3. La vente par internet elle-même
L'offensive du Néerlandais DocMorris (cf. supra) sur l'Allemagne a commencé en janvier 2000 en proposant sur son site basé aux Pays-Bas, en allemand notamment, de vendre des médicaments par Internet en toute illégalité. Les pharmaciens allemands ont riposté en poursuivant cette société néerlandaise (cf. supra). Bien avant que l'arrêt de la CJCE saisie par question préjudicielle par le tribunal allemand compétent soit rendu, les caisses d'assurance-maladie ont invité leurs assujettis à commander leurs médicaments par Internet (en toute illégalité donc) et en assortissant cette incitation d'avantages financiers.
Les organisations professionnelles de pharmaciens allemands ont créé en 2001 leur propre site internet de commande qui permettait de commander à l'avance des médicaments qu'il fallait ensuite retirer physiquement dans la pharmacie la plus proche du patient.
* Avant même que la procédure européenne et nationale de l'affaire DocMorris ait été achevée, le gouvernement fédéral allemand a reconnu (art. 23 de la loi du 14 novembre 2003 précitée) aux pharmaciens le droit de vendre par Internet tous les médicaments . Ainsi, la distinction entre les diffirents types de médicaments n'apparaît même pas dans la nouvelle législation allemande : les médicaments sur prescription médicale exclusive et les médicaments n'exigeant pas de prescription, peuvent être désormais vendus par internet.
Il est à noter que, dans ce cas, cela ne paraît pas, aux yeux des commentateurs, contraire à l'arrêt DocMorris puisque si le texte de cette décision « permet aux Etats-membres d'édicter une interdiction de vente par correspondance des médicaments nécessitant une prescription médicale, elle ne les oblige cependant pas à le faire » (J. Peigné op.cit. page 385).
Il se révèle ainsi clairement que cette décision a pour effet de permettre un affranchissement maximal des règles de santé publique dont la sphère réservée est pourtant garantie par les traités (art. 28 et 30 CE), mais qu'elle ne saurait rien imposer pour pérenniser ces règles, même lorsqu'elle en accepte l'existence et souligne leur bien-fondé.
Bien entendu, des mesures prévoyant un « système d'assurance qualité » ont été prévues, sur la base de nouveaux articles introduits dans la loi sur les pharmacies d'officine (Apotekengesetz) ...
Brèche supplémentaire dans l'exercice personnel de la pharmacie, mais contrepartie sans doute destinée à rassurer certains praticiens, la loi du 14 novembre 2003 permet désormais de détenir plus d'une officine : une principale et trois filiales.
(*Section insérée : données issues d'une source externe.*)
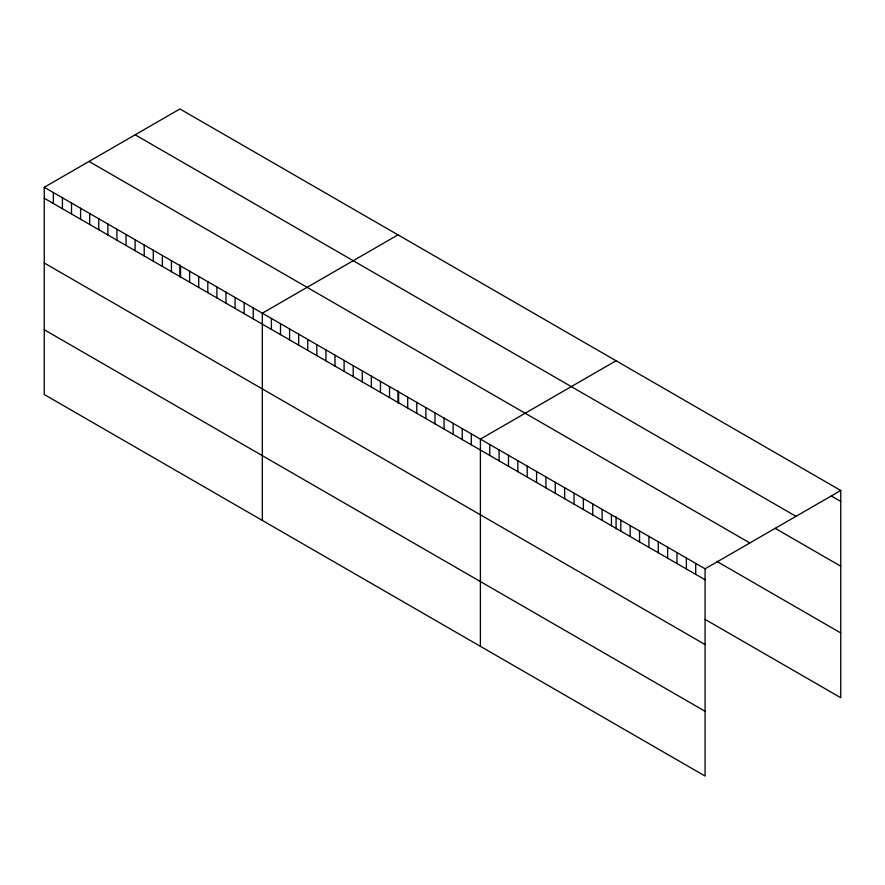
<?xml version="1.0" encoding="UTF-8"?>
<svg xmlns="http://www.w3.org/2000/svg" width="885" height="885" viewBox="0 0 885 885"><rect width="100%" height="100%" fill="white"/><g stroke="black" fill="none" stroke-linecap="round" stroke-linejoin="round"><path stroke-width="1.33" d="M44.25 187.288L705.079 568.812L705.079 776.045L44.25 394.511L44.25 187.288L179.92 108.955L840.75 490.489L840.75 697.712L705.002 619.345M397.996 234.857L262.325 313.19L262.325 520.424M616.071 360.77L480.4 439.093L480.4 646.327M705.079 568.812L840.75 490.489M831.391 496.02L840.75 501.43M135.151 134.808L795.98 516.331M775.216 528.367L840.75 566.201M89.02 161.435L749.849 542.959M716.706 561.322L840.75 632.941M44.25 198.229L705.079 579.764M44.25 263L705.079 644.534M44.25 329.74L705.079 711.274M695.721 563.402L695.721 574.354M686.362 558.004L686.362 568.944M676.992 552.594L676.992 563.546M667.633 547.195L667.633 558.136M658.274 541.786L658.274 552.738M648.915 536.387L648.915 547.328M639.545 530.978L639.545 541.919M630.186 525.568L630.186 536.52M620.827 520.17L620.827 531.111M616.071 516.718L616.071 528.865M611.469 514.76L611.469 525.712M602.099 509.362L602.099 520.303M592.74 503.952L592.74 514.904M583.381 498.543L583.381 509.494M574.011 493.144L574.011 504.085M564.652 487.735L564.652 498.686M555.293 482.336L555.293 493.277M545.934 476.926L545.934 487.878M536.564 471.517L536.564 482.469M527.206 466.118L527.206 477.059M517.847 460.709L517.847 471.661M508.488 455.31L508.488 466.251M499.118 449.901L499.118 460.853M489.759 444.502L489.759 455.443M471.307 433.849L471.307 444.79M462.224 428.606L462.224 439.546M453.142 423.351L453.142 434.303M444.049 418.107L444.049 429.059M434.966 412.864L434.966 423.804M425.884 407.62L425.884 418.561M416.791 402.365L416.791 413.317M407.708 397.122L407.708 408.073M398.615 391.878L398.615 402.83M397.996 390.816L397.996 402.963M389.533 386.634L389.533 397.575M380.45 381.391L380.45 392.332M371.357 376.136L371.357 387.088M362.275 370.892L362.275 381.844M353.192 365.649L353.192 376.601M344.099 360.405L344.099 371.346M335.017 355.162L335.017 366.102M325.934 349.907L325.934 360.859M316.841 344.663L316.841 355.615M307.759 339.42L307.759 350.36M298.665 334.176L298.665 345.117M289.583 328.921L289.583 339.873M280.501 323.678L280.501 334.63M271.407 318.434L271.407 329.386M253.243 307.947L253.243 318.888M244.149 302.692L244.149 313.644M235.067 297.448L235.067 308.4M225.974 292.205L225.974 303.157M216.891 286.961L216.891 297.902M207.809 281.718L207.809 292.658M198.716 276.463L198.716 287.415M189.633 271.219L189.633 282.171M180.551 265.976L180.551 276.916M179.92 264.914L179.92 277.049M171.458 260.732L171.458 271.673M162.375 255.477L162.375 266.429M153.282 250.234L153.282 261.186M144.2 244.99L144.2 255.942M135.117 239.746L135.117 250.687M126.024 234.503L126.024 245.444M116.942 229.248L116.942 240.2M107.859 224.005L107.859 234.956M98.766 218.761L98.766 229.713M89.684 213.517L89.684 224.458M80.59 208.274L80.59 219.214M71.508 203.019L71.508 213.971M62.426 197.775L62.426 208.727M53.332 192.532L53.332 203.473"/></g></svg>

Mais il apparaîtrait que certains voulaient aller plus loin encore, en demandant la possibilité de constituer des chaînes. Il y a là sans doute un cousinage d'inspiration avec les propositions du rapport Camdessus (cf. supra).
D'après des informations très récentes (Deutsches Ärzteblatt du 19 novembre 2004), la distribution de médicaments par Internet a été très limitée jusqu'à présent (40 millions d'euros). Néanmoins, on peut sans difficulté imaginer ce qui est prévisible. La survenance de quelques problèmes qui prendront d'autant plus d'importance que le flux se développera. Dès 2002, M. Eberhard Sinner, ministre de la santé de Bavière avait déjà signalé l'accroissement du nombre de contrefaçons, en particulier celles touchant des médicaments vendus par Internet. La caisse d'assurance-maladie de Berlin aurait enregistré de son côté d'importantes fraudes sur des médicaments génériques. Cette déréglementation pour ne pas dire cette « déconstruction » des mécanismes de santé publique et de sécurité sanitaire entraîne inévitablement le développement de pratiques illégales, voire criminelles, lorsque les contrefaçons de différents types se répandent, à l'instar de ce que l'on enregistre depuis longtemps déjà dans des pays en voie de développement ou aux Etats-Unis par exemple où Internet constitue un sérieux facteur aggravant.